7) How has the ongoing crisis affected DocSend? Has your usage increased or decreased?

He told us that “the usage has increased considerably. Our company is growing really quickly, but it’s also a really stable company. Because if you have to spend a ton of money on demand gen to grow, then you run out of money, and if you stop that, your growth stops. So, a lot of companies have this, we got to raise another round of funding every four months. And if we don’t have that money to spend, then we stop growing and that’s fine. That usually fits like an enterprise business model as you have a payback period and a very sticky software. Then again, that’s those $50K and up contracts that the business is going after. And our insight is that there’s a lot of software for that category, but there’s not a lot of software for the category that we’re going after, and that requires a different go to market motion.

8) What’s the future like for DocSend? Any cool features that one should look out for?

I think we’re just going to continue to make our software more useful for people and make it more applicable to different use cases. I’d hope that the person who uses DocSend for fundraising would turn around and give it to their sales team to use. They then give it to the HR team for getting signatures done. They might use it as well as a board portal, or an investor relations portal so they can securely share all their investor updates. So we just hope people will discover using DocSend and more and more situations for using it, which makes it stickier,” Mr Russ Heddleston replied.

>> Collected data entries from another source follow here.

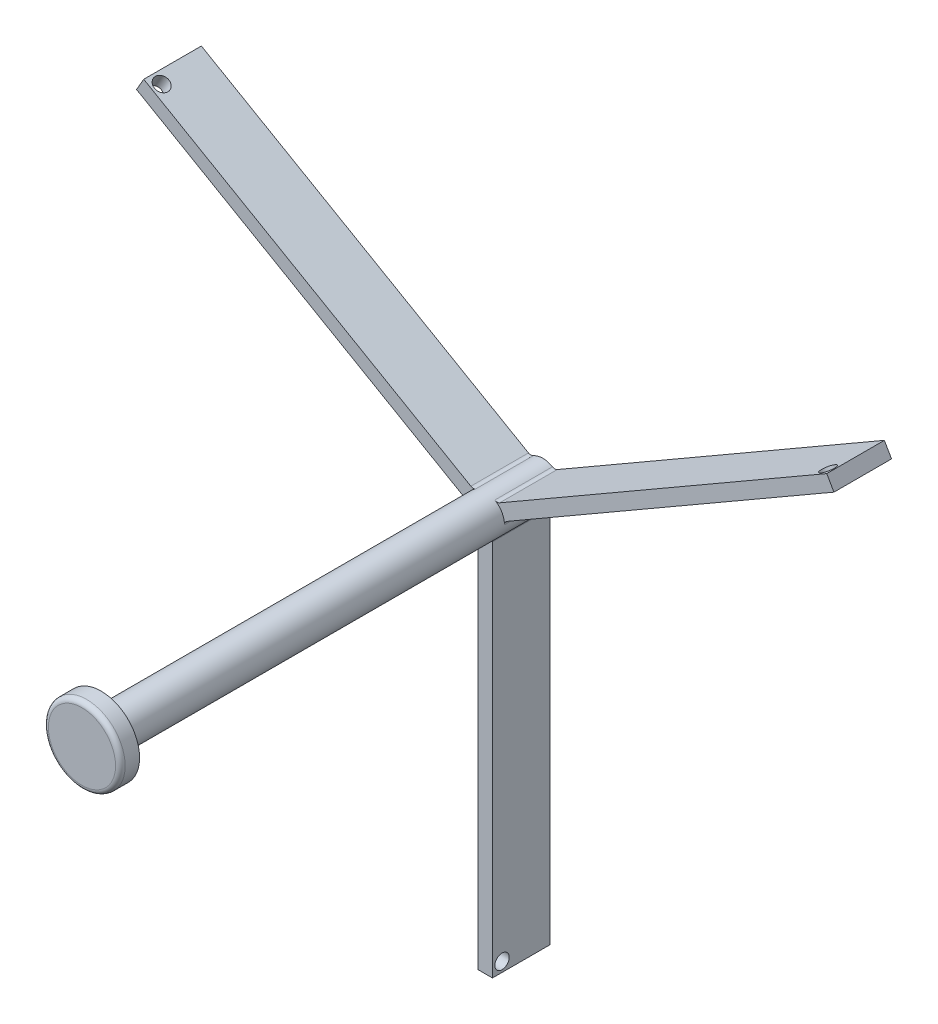
SolidWorks part; units mm, degrees
ref_plane "Plane1" through (0, 0, 0) normal (0, 0, 1) x (1, 0, 0)
ref_plane "Plane2" through (0, 0, 0) normal (0, 1, 0) x (1, 0, 0)
ref_plane "Plane3" through (0, 0, 0) normal (1, 0, 0) x (0, 0, -1)
other "Configuration Table"
sketch "Sketch1" plane through (0, 0, 0) normal (0, 0, 1) x (1, 0, 0)
  circle A0 centre (0, 0) radius 12.7
  dimension "D1" = 25.4
extrude "Base-Extrude" add sketch "Sketch1" along normal blind 304.8
sketch "Sketch2" plane through (0, 0, 0) normal (0, 1, 0) x (1, 0, 0)
  line L0 (0, 0) -> (0, -56.9618) construction
  line L1 (4.7625, 0) -> (-4.7625, 0)
  line L2 (12.7, 0) -> (-12.7, 0) construction
  line L3 (-4.7625, 0) -> (-4.7625, -38.1)
  line L4 (4.7625, 0) -> (4.7625, -38.1)
  line L5 (-4.7625, -38.1) -> (4.7625, -38.1)
  point P7 (0, 0)
  point P11 (0, -38.1)
  dimension "D1" = 38.1
  dimension "D2" = 9.525
extrude "Boss-Extrude1" add sketch "Sketch2" against normal blind 263.525
sketch "Sketch3" plane through (-4.7625, 0, 0) normal (-1, 0, 0) x (0, 0, 1)
  line L0 (0, -263.525) -> (38.1, -263.525) construction
  line L1 (38.1, -263.525) -> (38.1, -11.7732) construction
  circle A0 centre (31.75, -257.175) radius 4.7625
  dimension "D1" = 9.525
  dimension "D2" = 6.35
  dimension "D3" = 6.35
extrude "Cut-Extrude1" cut sketch "Sketch3" against normal through all
pattern_circular "CirPattern1" count 3 every 120 about axis through (0, 0, 0) along (0, 0, 1) of "Boss-Extrude1"
sketch "Sketch4" plane through (-194.3928, 106.7334, 225.0677) normal (-0.5, -0.866, 0) x (0.866, -0.5, 0)
  line L0 (-41.8092, -225.0677) -> (-41.8092, -186.9677) construction
  line L1 (-41.8092, -186.9677) -> (209.9426, -186.9677) construction
  circle A0 centre (-35.4592, -193.3177) radius 4.7625
  dimension "D1" = 9.525
  dimension "D2" = 6.35
  dimension "D3" = 6.35
extrude "Cut-Extrude2" cut sketch "Sketch4" against normal through all
sketch "Sketch5" plane through (132.0101, 70.7168, 223.486) normal (0.5, -0.866, 0) x (0.866, 0.5, 0)
  line L0 (113.8425, -223.486) -> (113.8425, -185.386) construction
  line L1 (113.8425, -185.386) -> (-137.9093, -185.386) construction
  circle A0 centre (107.4925, -191.736) radius 4.7625
  dimension "D1" = 9.525
  dimension "D2" = 6.35
  dimension "D3" = 6.35
extrude "Cut-Extrude3" cut sketch "Sketch5" against normal through all
hole_wizard "Hole1" positions "Sketch7" profile "Sketch8" legacy
sketch "Sketch7" plane through (0, 0, 0) normal (0, 0, -1) x (-1, 0, 0)
  point P0 (0, -63.5)
  dimension "D1" = 63.5
sketch "Sketch8" plane through (0, -63.5, 0) normal (1, 0, 0) x (0, 1, 0)
  line L0 (0, 0) -> (0, 8.6166)
  line L1 (0, 8.6166) -> (1.1303, 7.9375)
  line L2 (1.1303, 7.9375) -> (1.1303, 6.35)
  line L3 (1.1303, 6.35) -> (1.4224, 6.35)
  line L4 (1.4224, 6.35) -> (1.4224, 0.0025)
  line L5 (1.4224, 0.0025) -> (1.4224, 0)
  line L6 (1.4224, 0) -> (0, 0)
hole_wizard "Hole2" positions "Sketch9" profile "Sketch10" legacy
sketch "Sketch9" plane through (0, 0, 0) normal (0, 0, -1) x (-1, 0, 0)
  point P0 (0, -139.7)
  dimension "D1" = 139.7
sketch "Sketch10" plane through (0, -139.7, 0) normal (1, 0, 0) x (0, 1, 0)
  line L0 (0, 0) -> (0, 8.6166)
  line L1 (0, 8.6166) -> (1.1303, 7.9375)
  line L2 (1.1303, 7.9375) -> (1.1303, 6.35)
  line L3 (1.1303, 6.35) -> (1.4224, 6.35)
  line L4 (1.4224, 6.35) -> (1.4224, 0.0025)
  line L5 (1.4224, 0.0025) -> (1.4224, 0)
  line L6 (1.4224, 0) -> (0, 0)
hole_wizard "Hole3" positions "Sketch11" profile "Sketch12" legacy
sketch "Sketch11" plane through (0, 0, 0) normal (0, 0, -1) x (-1, 0, 0)
  point P0 (0, -215.9)
  dimension "D1" = 215.9
sketch "Sketch12" plane through (0, -215.9, 0) normal (1, 0, 0) x (0, 1, 0)
  line L0 (0, 0) -> (0, 8.6166)
  line L1 (0, 8.6166) -> (1.1303, 7.9375)
  line L2 (1.1303, 7.9375) -> (1.1303, 6.35)
  line L3 (1.1303, 6.35) -> (1.4224, 6.35)
  line L4 (1.4224, 6.35) -> (1.4224, 0.0025)
  line L5 (1.4224, 0.0025) -> (1.4224, 0)
  line L6 (1.4224, 0) -> (0, 0)
pattern_circular "CirPattern2" count 3 every 120 about axis through (0, 0, 0) along (0, 0, 1) of "Hole3", "Hole2", "Hole1"
fillet "Fillet1" radius 3.175 2 edges at (-12.5772, 1.7622, 19.05) (-4.7625, -11.7732, 19.05)
fillet "Fillet2" radius 3.175 2 edges at (7.8147, 10.0111, 19.05) (-7.8147, 10.0111, 19.05)
fillet "Fillet3" radius 3.175 2 edges at (12.5772, 1.7622, 19.05) (4.7625, -11.7732, 19.05)
sketch "Sketch13" plane through (0, 0, 304.8) normal (0, 0, 1) x (1, 0, 0)
  circle A0 centre (0, 0) radius 25.4
  circle A3 centre (0, 0) radius 12.7 construction
  dimension "D1" = 12.7
extrude "Extrude1" add sketch "Sketch13" against normal blind 12.7
fillet "Fillet4" radius 3.175 1 edges at (25.4, 0, 304.8)
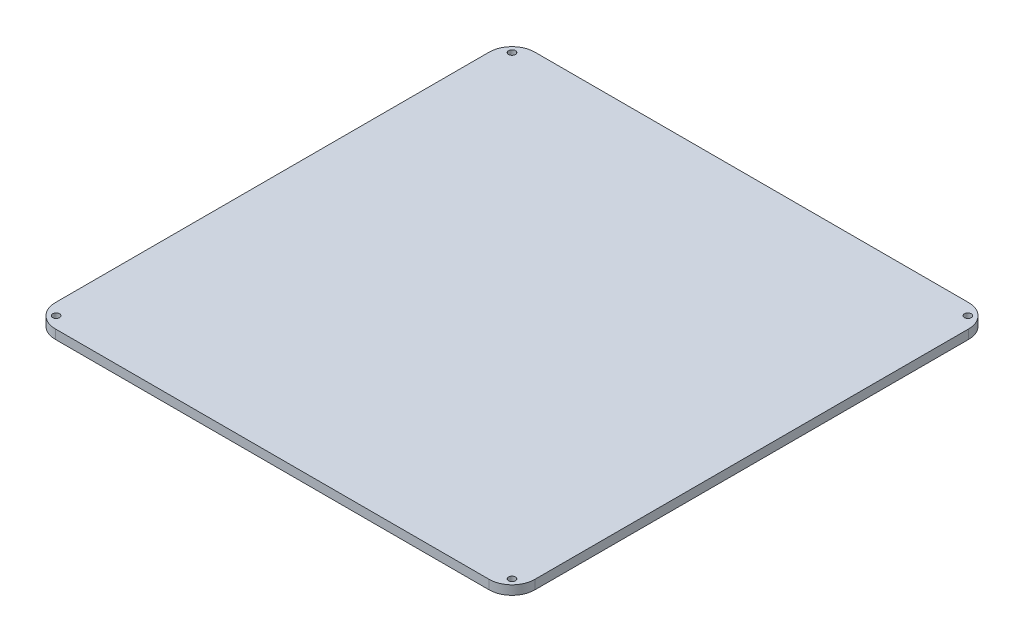
SolidWorks part; units mm, degrees
ref_plane "Front Plane" through (0, 0, 0) normal (0, 0, 1) x (1, 0, 0)
ref_plane "Top Plane" through (0, 0, 0) normal (0, 1, 0) x (1, 0, 0)
ref_plane "Right Plane" through (0, 0, 0) normal (1, 0, 0) x (0, 0, -1)
sketch "Sketch1" plane through (0, 0, 0) normal (0, 1, 0) x (1, 0, 0)
  line L0 (-101, -101) -> (-101, 101)
  line L5 (-105, -105) -> (105, -105)
  line L6 (-105, -105) -> (-105, 105)
  line L7 (-105, 105) -> (105, 105)
  line L8 (105, -105) -> (105, 105)
  line L9 (-101, 101) -> (101, 101)
  line L10 (101, -101) -> (101, 101)
  line L11 (-101, -101) -> (101, -101)
  line L12 (-101, 101) -> (-99.8333, 99.8333) construction
  line L13 (-55, 0) -> (55, 0) construction
  line L14 (-101, -101) -> (-99.8333, -99.8333) construction
  line L15 (0, -55) -> (0, 55) construction
  line L16 (101, -101) -> (99.8333, -99.8333) construction
  line L17 (101, 101) -> (99.8333, 99.8333) construction
  circle A1 centre (-99.8333, 99.8333) radius 1.5
  circle A2 centre (-99.8333, -99.8333) radius 1.5
  circle A3 centre (99.8333, -99.8333) radius 1.5
  circle A4 centre (99.8333, 99.8333) radius 1.5
  point P0 (0, 0)
  point P6 (-105, 0)
  point P7 (0, 105)
  point P14 (0, 0)
  dimension "D3" = 4
  dimension "D4" = 3
  dimension "D1" = 210
  dimension "D2" = 210
  dimension "D5" = 1.65
  dimension "D6" = 45
extrude "MainExtrude" add sketch "Sketch1" along normal blind 4 contours L6 L5 L8 L7
extrude "ScrewHoles" cut sketch "Sketch1<6>" along normal up to surface (4 mm away) contours A1 | A2 | A3 | A4 up to face at (0, 4, 0)
sketch "Sketch1<6>" plane through (0, 0, 0) normal (0, 1, 0) x (1, 0, 0) same geometry as "Sketch1"
fillet "RoundedCorners" radius 10 4 edges at (-105, 2, -105) (-105, 2, 105) (105, 2, -105) (105, 2, 105)

9) What are your favorite SaaS products out there? 

He said that “I love Calendly. I think they’ve done a really good job of executing. Then there are Slack and Zoom, which are quite hot right now. I really admire Lucidchart as a company and how they built that. I think MailChimp has also done just a phenomenal job with executing on its strategy. Adobe has done an amazing job pivoting to be a SaaS company. I mean, they’re obviously much bigger, and it gets even more impressive that they’ve been able to turn it like that. I think PagerDuty is a fantastic company as well. How they’ve been able to create a category that wasn’t there and have done a really excellent job of bundling too.